*ABOUT THIS EXERCISE*. Work through the listing below and state how many of its lines hold the word "Plane". Give no other output.

*MATERIAL PROVIDED*.
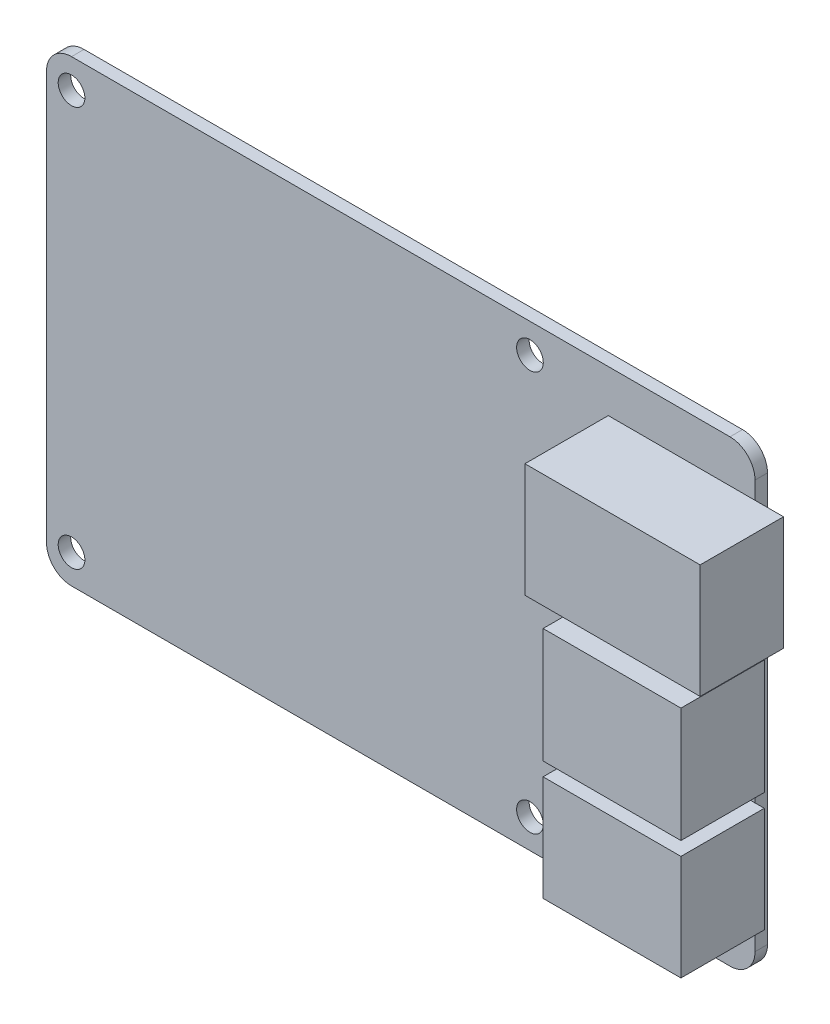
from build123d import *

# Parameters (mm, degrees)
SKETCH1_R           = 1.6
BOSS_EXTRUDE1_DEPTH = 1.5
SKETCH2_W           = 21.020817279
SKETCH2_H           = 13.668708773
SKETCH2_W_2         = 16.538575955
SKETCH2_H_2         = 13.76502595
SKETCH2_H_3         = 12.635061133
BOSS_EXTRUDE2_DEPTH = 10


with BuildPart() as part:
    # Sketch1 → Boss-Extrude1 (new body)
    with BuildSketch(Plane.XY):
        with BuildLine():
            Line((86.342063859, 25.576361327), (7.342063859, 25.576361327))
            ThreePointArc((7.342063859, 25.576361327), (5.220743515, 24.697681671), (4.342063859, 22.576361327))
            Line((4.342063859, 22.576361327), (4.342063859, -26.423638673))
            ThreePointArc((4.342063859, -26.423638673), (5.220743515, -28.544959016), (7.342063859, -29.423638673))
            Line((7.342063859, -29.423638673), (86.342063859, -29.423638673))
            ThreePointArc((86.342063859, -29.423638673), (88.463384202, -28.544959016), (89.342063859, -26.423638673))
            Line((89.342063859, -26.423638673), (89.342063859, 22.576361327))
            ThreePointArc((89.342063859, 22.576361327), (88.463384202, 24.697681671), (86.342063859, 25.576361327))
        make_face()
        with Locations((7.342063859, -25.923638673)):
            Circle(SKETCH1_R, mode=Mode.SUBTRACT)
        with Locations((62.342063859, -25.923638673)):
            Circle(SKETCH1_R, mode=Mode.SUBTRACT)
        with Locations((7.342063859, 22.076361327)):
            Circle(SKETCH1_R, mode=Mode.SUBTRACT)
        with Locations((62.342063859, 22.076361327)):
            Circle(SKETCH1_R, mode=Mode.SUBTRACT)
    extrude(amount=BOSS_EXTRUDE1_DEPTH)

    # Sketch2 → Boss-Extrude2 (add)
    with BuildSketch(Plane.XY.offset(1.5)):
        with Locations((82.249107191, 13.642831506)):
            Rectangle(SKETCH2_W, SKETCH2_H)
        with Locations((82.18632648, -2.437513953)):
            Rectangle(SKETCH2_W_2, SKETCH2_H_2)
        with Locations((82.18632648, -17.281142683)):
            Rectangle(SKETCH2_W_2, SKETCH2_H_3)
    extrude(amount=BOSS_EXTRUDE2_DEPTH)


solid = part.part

*ANSWER SECTION*. 2